Material for this task below:

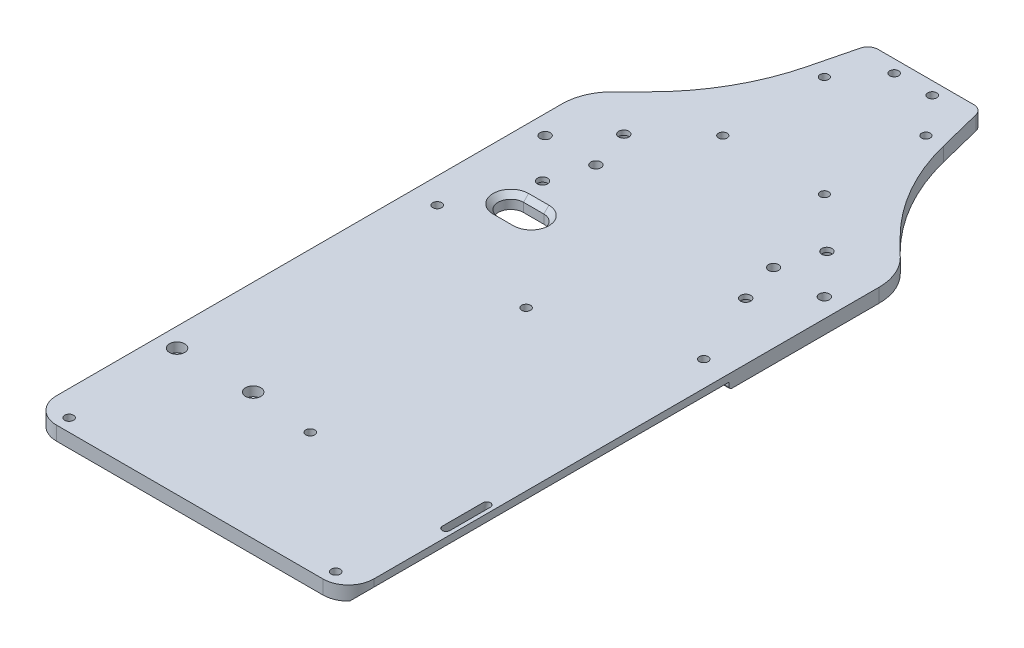
SolidWorks part; units mm, degrees
ref_plane "정면" through (0, 0, 0) normal (0, 0, 1) x (1, 0, 0)
ref_plane "윗면" through (0, 0, 0) normal (0, 1, 0) x (1, 0, 0)
ref_plane "우측면" through (0, 0, 0) normal (1, 0, 0) x (0, 0, -1)
sketch "스케치1" plane through (0, 0, 0) normal (0, 1, 0) x (1, 0, 0)
  line L0 (-857.021, 0) -> (41994.0268, 0) construction
  line L1 (0, -857.021) -> (0, 41994.0268) construction
  line L2 (-72.5, 0) -> (-72.5, -185)
  line L3 (-72.5, 95) -> (72.5, 95) construction
  line L4 (-72.5, 95) -> (-72.5, -195) construction
  line L5 (-72.5, -195) -> (-47.5, -195) construction
  line L6 (72.5, 95) -> (72.5, -195) construction
  line L7 (-62.5, -195) -> (-49.962, -195)
  line L8 (72.5, -185) -> (72.5, 0)
  line L9 (-15.038, -234) -> (15.038, -234)
  line L14 (-19.0011, -232.0486) -> (-45.9989, -196.9514)
  line L15 (-22, 95) -> (22, 95)
  line L16 (-63.6708, 21.2555) -> (-49.4782, 35.3915)
  line L17 (19.0011, -232.0486) -> (45.9989, -196.9514)
  line L18 (857.021, 0) -> (-41994.0268, 0) construction
  line L23 (47.5, -195) -> (72.5, -195) construction
  line L24 (49.962, -195) -> (62.5, -195)
  line L25 (-27, 75) -> (-22, 95)
  line L26 (63.6708, 21.2555) -> (49.4782, 35.3915)
  line L27 (27, 75) -> (22, 95)
  arc A4 (62.5, -195) -> (72.5, -185) centre (62.5, -185) ccw
  arc A5 (-62.5, -195) -> (-72.5, -185) centre (-62.5, -185) cw
  arc A12 (49.962, -195) -> (45.9989, -196.9514) centre (49.962, -200) ccw
  arc A13 (19.0011, -232.0486) -> (15.038, -234) centre (15.038, -229) cw
  arc A14 (-15.038, -234) -> (-19.0011, -232.0486) centre (-15.038, -229) cw
  arc A15 (-49.962, -195) -> (-45.9989, -196.9514) centre (-49.962, -200) cw
  arc A16 (-72.5, 0) -> (-63.6708, 21.2555) centre (-42.5, 0) cw
  arc A17 (-49.4782, 35.3915) -> (-27, 75) centre (-109.4621, 95.6155) ccw
  arc A18 (72.5, 0) -> (63.6708, 21.2555) centre (42.5, 0) ccw
  arc A19 (49.4782, 35.3915) -> (27, 75) centre (109.4621, 95.6155) cw
  point P4 (0, 0)
  point P36 (0, -234)
  point P40 (0, 95)
  point P77 (17.5, -234)
  point P80 (-17.5, -234)
  dimension "D8" = 10
  dimension "D13" = 72.5
  dimension "D14" = 5
  dimension "D17" = 20
  dimension "D15" = 30
  dimension "D16" = 85
  dimension "D1" = 145
  dimension "D2" = 290
  dimension "D3" = 195
  dimension "D9" = 35
  dimension "D10" = 39
  dimension "D11" = 25
  dimension "D12" = 44
  dimension "D18" = 5
extrude "Deck base" add sketch "스케치1" along normal blind 5.5 contours L2 A5 L7 A15 L14 A14 L9 A13 L17 A12 L24 A4 L8 A18 L26 A19 L27 L15 L25 A17 L16 A16
sketch "스케치3" plane through (0, 5.5, 0) normal (0, 1, 0) x (1, 0, 0)
  line L0 (-22, 95) -> (22, 95) construction
  line L1 (0, 0) -> (0, -234) construction
  line L2 (-15.038, -234) -> (15.038, -234) construction
  line L5 (0, -178.2) -> (0, 178.2) construction
  line L6 (0, -200857.021) -> (0, 241994.0268) construction
  circle A0 centre (7.5, 90) radius 1.75
  circle A9 centre (-7.5, 90) radius 1.75
  circle A10 centre (52.5, -45) radius 1.75
  circle A11 centre (52.5, -190) radius 1.75
  circle A14 centre (-52.5, -190) radius 1.75
  circle A15 centre (-52.5, -45) radius 1.75
  dimension "D1" = 3.5
  dimension "D3" = 3.5
  dimension "D8" = 145
  dimension "D9" = 52.5
  dimension "D4" = 3.5
  dimension "D2" = 5
  dimension "D7" = 135
  dimension "D12" = 7.5
extrude "Bolt slot" cut sketch "스케치3" against normal up to next
sketch "스케치14" plane through (0, 5.5, 0) normal (0, 1, 0) x (1, 0, 0)
  circle A0 centre (-52.5, -45) radius 3
  circle A1 centre (52.5, -45) radius 3
  circle A2 centre (-52.5, -45) radius 1.75 construction
  dimension "D1" = 6
  dimension "D4" = 6
extrude "Bolt head" [suppressed] cut sketch "스케치14" against normal blind 2
fillet "필렛1" radius 4 2 edges at (22, 2.75, -95) (-22, 2.75, -95)
sketch "스케치15" plane through (0, 5.5, 0) normal (0, 1, 0) x (1, 0, 0)
  line L0 (72.5, 95) -> (72.5, -195) construction
  line L1 (-72.5, -195) -> (72.5, -195)
  line L2 (-72.5, -195) -> (-72.5, -234)
  line L3 (-72.5, -234) -> (72.5, -234)
  line L4 (72.5, -195) -> (72.5, -234)
  line L5 (-15.038, -234) -> (15.038, -234) construction
extrude "컷-돌출6" cut sketch "스케치15" against normal up to next
sketch "스케치17" plane through (0, 5.5, 0) normal (0, 1, 0) x (1, 0, 0)
  line L0 (-72.5, 95) -> (72.5, 95) construction
  line L1 (-62.5, 95) -> (62.5, 95)
  line L2 (-62.5, 95) -> (-62.5, -195)
  line L3 (-62.5, -195) -> (62.5, -195)
  line L4 (62.5, 95) -> (62.5, -195)
extrude "컷-돌출8" cut sketch "스케치17" against normal blind 10 flip side to cut
fillet "필렛4" radius 10 2 edges at (62.5, 2.75, 195) (-62.5, 2.75, 195)
fillet "필렛5" radius 20 2 edges at (62.5, 2.75, -22.4217) (-62.5, 2.75, -22.4217)
sketch "스케치19" plane through (0, 5.5, 0) normal (0, 1, 0) x (1, 0, 0)
  line L0 (-38.5, -30) -> (-30.5, -30) construction
  line L1 (-38.5, -25) -> (-30.5, -25)
  line L2 (-38.5, -35) -> (-30.5, -35)
  arc A0 (-38.5, -25) -> (-38.5, -35) centre (-38.5, -30) ccw
  arc A1 (-30.5, -35) -> (-30.5, -25) centre (-30.5, -30) ccw
  circle A2 centre (-52.5, -45) radius 1.75 construction
  point P2 (-34.5, -30)
  dimension "D3" = 5
  dimension "D4" = 14
  dimension "D1" = 15
  dimension "D2" = 8
extrude "Motor bolt" cut sketch "스케치19" against normal blind 10
chamfer "모따기1" distance 2 angle 45 4 edges at (-43.5, 5.5, 30) (-34.5, 5.5, 35) (-34.5, 5.5, 25) (-25.5, 5.5, 30)
sketch "스케치22" plane through (0, 5.5, 0) normal (0, 1, 0) x (1, 0, 0)
  line L1 (0, -200857.021) -> (0, 241994.0268) construction
  line L2 (-200857.021, 0) -> (241994.0268, 0) construction
  line L3 (0, 0) -> (0, 95) construction
  line L4 (-22, 95) -> (22, 95) construction
  line L5 (-62.5, 0) -> (62.2387, 0) construction
  line L6 (-62.5, 14.114) -> (-62.5, -185) construction
  circle A1 centre (-55, 0) radius 2
  circle A4 centre (-35, 0) radius 2
  circle A5 centre (-40, 16) radius 2
  circle A6 centre (40, 16) radius 2
  circle A7 centre (35, 0) radius 2
  circle A8 centre (55, 0) radius 2
  circle A9 centre (40, -16) radius 2
  circle A10 centre (-40, -16) radius 2
  dimension "D2" = 4
  dimension "D1" = 4
  dimension "D5" = 4
  dimension "D7" = 16
  dimension "D3" = 55
  dimension "D4" = 20
  dimension "D6" = 40
extrude "컷-돌출9" cut sketch "스케치22" against normal blind 10
sketch "스케치23" plane through (0, 0, 0) normal (0, -1, 0) x (1, 0, 0)
  circle A0 centre (40, 16) radius 2 construction
  circle A1 centre (40, -16) radius 2 construction
  circle A2 centre (-40, -16) radius 2 construction
  circle A3 centre (-40, 16) radius 2 construction
  circle A4 centre (40, 16) radius 2 construction
  circle A5 centre (40, -16) radius 2 construction
  circle A6 centre (-40, -16) radius 2 construction
  circle A7 centre (-40, 16) radius 2 construction
  circle A8 centre (40, 16) radius 3.05
  circle A9 centre (40, -16) radius 3.05
  circle A10 centre (-40, -16) radius 3.05
  circle A11 centre (-40, 16) radius 3.05
  dimension "D1" = 1.05
sketch "Regulator" plane through (0, 5.5, 0) normal (0, 1, 0) x (1, 0, 0)
  line L0 (-62.5, 14.114) -> (-62.5, -185) construction
  line L1 (-62.5, -45) -> (-17.5, -45) construction
  line L2 (-62.5, -45) -> (-62.5, -115) construction
  line L3 (-62.5, -115) -> (-17.5, -115) construction
  line L4 (-17.5, -45) -> (-17.5, -115) construction
  point P11 (-52.5, -45)
  dimension "D1" = 70
  dimension "D2" = 45
sketch "스케치4" plane through (0, 5.5, 0) normal (0, 1, 0) x (1, 0, 0)
  line L0 (-22, 95) -> (22, 95) construction
  line L1 (-20, 75) -> (20, 75) construction
  line L2 (-20, 75) -> (-20, 35) construction
  line L3 (-20, 35) -> (20, 35) construction
  line L4 (20, 75) -> (20, 35) construction
  line L5 (0, -200857.021) -> (0, 241994.0268) construction
  line L6 (0, -3.025) -> (0, 3.025) construction
  circle A0 centre (-20, 75) radius 1.7
  circle A1 centre (-20, 35) radius 1.7
  circle A2 centre (20, 35) radius 1.7
  circle A3 centre (20, 75) radius 1.7
  point P6 (0, 75)
  dimension "D4" = 3.4
  dimension "D5" = 3.4
  dimension "D1" = 40
  dimension "D2" = 40
  dimension "D3" = 20
extrude "Lidar slot" cut sketch "스케치4" against normal up to next
sketch "스케치9" plane through (0, 5.5, 0) normal (0, 1, 0) x (1, 0, 0)
  line L0 (0, -200857.021) -> (0, 241994.0268) construction
  line L1 (-24.5, 80) -> (24.5, 80) construction
  line L2 (-24.5, 80) -> (-24.5, 30) construction
  line L3 (-24.5, 30) -> (-12.5, 30) construction
  line L4 (24.5, 80) -> (24.5, 30) construction
  line L5 (-24.5, 80) -> (24.5, 30) construction
  line L6 (-24.5, 30) -> (24.5, 80) construction
  line L7 (-12.5, 25) -> (12.5, 25) construction
  line L8 (-20, 75) -> (20, 75) construction
  line L9 (12.5, 25) -> (12.5, 30) construction
  line L10 (-12.5, 25) -> (-12.5, 30) construction
  line L11 (12.5, 30) -> (24.5, 30) construction
  point P0 (0, 55)
  point P11 (0, 25)
  dimension "D1" = 49
  dimension "D2" = 50
  dimension "D3" = 5
  dimension "D4" = 25
  dimension "D5" = 5
sketch "스케치6" plane through (0, 5.5, 0) normal (0, 1, 0) x (1, 0, 0)
  line L0 (0, -200857.021) -> (0, 241994.0268) construction
  line L1 (-37, -120) -> (37, -120) construction
  line L2 (-37, -120) -> (-37, -191) construction
  line L3 (-37, -191) -> (37, -191) construction
  line L4 (37, -120) -> (37, -191) construction
  line L6 (0, -3.025) -> (0, 3.025) construction
  line L7 (-12.5, 25) -> (12.5, 25) construction
  circle A0 centre (33.5, -137) radius 1.9
  circle A1 centre (33.5, -176) radius 1.9
  circle A2 centre (-33.5, -176) radius 1.9
  circle A3 centre (-33.5, -137) radius 1.9
  point P4 (0, -120)
  dimension "D3" = 3.8
  dimension "D6" = 3.8
  dimension "D1" = 74
  dimension "D2" = 71
  dimension "D4" = 17
  dimension "D5" = 3.5
  dimension "D7" = 3.5
  dimension "D8" = 15
  dimension "D9" = 145
extrude "Vesc slot" [suppressed] cut sketch "스케치6" against normal up to next
sketch "스케치7" plane through (0, 5.5, 0) normal (0, 1, 0) x (1, 0, 0)
  line L0 (0, -200857.021) -> (0, 241994.0268) construction
  line L1 (-58, -49) -> (58, -49) construction
  line L2 (-58, -49) -> (-58, -161) construction
  line L3 (-58, -161) -> (58, -161) construction
  line L4 (58, -49) -> (58, -161) construction
  line L5 (0, -49) -> (0, -161) construction
  line L7 (12.5, 30) -> (24.5, 30) construction
  circle A6 centre (0, -62.5) radius 1.75
  circle A7 centre (0, -147.5) radius 1.75
  point P4 (0, -49)
  dimension "D9" = 3.5
  dimension "D10" = 3.5
  dimension "D1" = 112
  dimension "D2" = 116
  dimension "D3" = 79
  dimension "D11" = 13.5
  dimension "D12" = 13.5
extrude "Nano slot" cut sketch "스케치7" against normal up to next
sketch "스케치12" plane through (0, 5.5, 0) normal (0, 1, 0) x (1, 0, 0)
  line L1 (-52, -130) -> (-28, -130) construction
  line L2 (-52, -130) -> (-52, -163) construction
  line L3 (-52, -163) -> (-28, -163) construction
  line L4 (-28, -130) -> (-28, -163) construction
  line L5 (-52, -130) -> (-28, -163) construction
  line L6 (-52, -163) -> (-28, -130) construction
  line L7 (-40, -115) -> (-40, -195) construction
  line L10 (-62.5, -115) -> (-17.5, -115) construction
  line L11 (-52.5, -195) -> (52.5, -195) construction
  circle A0 centre (-55, -145) radius 1.75
  circle A1 centre (-25, -145) radius 1.75
  point P0 (-40, -146.5)
  dimension "D3" = 3.5
  dimension "D4" = 3.5
  dimension "D1" = 24
  dimension "D2" = 33
  dimension "D5" = 15
  dimension "D6" = 15
  dimension "D7" = 15
  dimension "D8" = 15
extrude "컷-돌출3" cut sketch "스케치12" against normal up to next
sketch "스케치13" plane through (0, 5.5, 0) normal (0, 1, 0) x (1, 0, 0)
  circle A0 centre (-55, -145) radius 3
  circle A1 centre (-25, -145) radius 3
  dimension "D1" = 6
  dimension "D2" = 6
extrude "컷-돌출4" cut sketch "스케치13" against normal blind 3.7
extrude "컷-돌출10" cut sketch "스케치23" against normal blind 3.7
ref_plane "평면1" through (28.5, -28.5, 0) normal (0.7071, -0.7071, 0) x (0, 0, -1)
sketch "스케치24" plane through (28.5, -28.5, 0) normal (0.7071, -0.7071, 0) x (0, 0, -1)
  line L0 (-195, -37.1231) -> (-195, 37.1231) construction
  line L1 (-195, 48.0833) -> (-45, 48.0833)
  line L2 (-195, 48.0833) -> (-195, 38.0833)
  line L3 (-195, 38.0833) -> (-45, 38.0833)
  line L4 (-45, 48.0833) -> (-45, 38.0833)
  line L5 (-185, 48.0833) -> (14.114, 48.0833) construction
  ellipse E2 centre (-45, 37.1231) end of major axis (-43.25, 37.1231) minor radius 1.2374 construction
  point P6 (-45, 37.1231)
  dimension "D1" = 10
ref_plane "평면2" through (29.9142, -29.9142, 0) normal (0.7071, -0.7071, 0) x (0, 0, -1)
sketch "스케치25" plane through (29.9142, -29.9142, 0) normal (0.7071, -0.7071, 0) x (0, 0, -1)
  line L4 (-45, 48.0833) -> (-195, 48.0833)
  line L5 (-45, 38.0833) -> (-45, 48.0833)
  line L6 (-195, 38.0833) -> (-45, 38.0833)
  line L7 (-195, 48.0833) -> (-195, 38.0833)
  line L8 (-45, 48.0833) -> (-195, 48.0833)
  line L9 (-45, 38.0833) -> (-45, 48.0833)
  line L10 (-195, 38.0833) -> (-45, 38.0833)
  line L11 (-195, 48.0833) -> (-195, 38.0833)
  dimension "D1" = 0
extrude "컷-돌출12" cut sketch "스케치25" along normal up to next
fillet "필렛6" radius 1 1 edges at (61.1642, 0, 45)
sketch "스케치26" plane through (0, 0, 0) normal (0, -1, 0) x (1, 0, 0)
  line L0 (-52.5, 195) -> (52.5, 195) construction
  line L1 (56.8284, 153.5) -> (59.8284, 153.5) construction
  line L2 (56.8284, 153.5) -> (56.8284, 137.5)
  line L3 (56.8284, 137.5) -> (59.8284, 137.5) construction
  line L4 (59.8284, 153.5) -> (59.8284, 137.5)
  line L6 (59.8284, 191.804) -> (59.8284, 44) construction
  arc A0 (56.8284, 153.5) -> (59.8284, 153.5) centre (58.3284, 153.5) cw
  arc A1 (56.8284, 137.5) -> (59.8284, 137.5) centre (58.3284, 137.5) ccw
  dimension "D1" = 3
  dimension "D2" = 16
  dimension "D3" = 41.5
sketch "스케치27" plane through (0, 5.5, 0) normal (0, 1, 0) x (1, 0, 0)
  line L0 (56.8284, -137.5) -> (59.8284, -137.5) construction
  line L2 (58, -137.5) -> (58, -153.5)
  line L4 (61, -137.5) -> (61, -153.5)
  line L5 (58, -137.5) -> (61, -137.5) construction
  line L6 (58, -153.5) -> (61, -153.5) construction
  line L7 (62.5, -195) -> (62.5, -45) construction
  line L8 (56.8284, -153.5) -> (59.8284, -153.5) construction
  arc A0 (58, -153.5) -> (61, -153.5) centre (59.5, -153.5) ccw
  arc A1 (58, -137.5) -> (61, -137.5) centre (59.5, -137.5) cw
  dimension "D3" = 1.5
  dimension "D4" = 1.5
  dimension "D1" = 3
  dimension "D2" = 1.5
loft "컷-로프트2" cut profiles "스케치26", "스케치27"

End of Material for this task.

* [Your instructions] Look through the records above and please copy every line in which the string "suppressed" occurs.

* [Task response]
extrude "Bolt head" [suppressed] cut sketch "스케치14" against normal blind 2
extrude "Vesc slot" [suppressed] cut sketch "스케치6" against normal up to next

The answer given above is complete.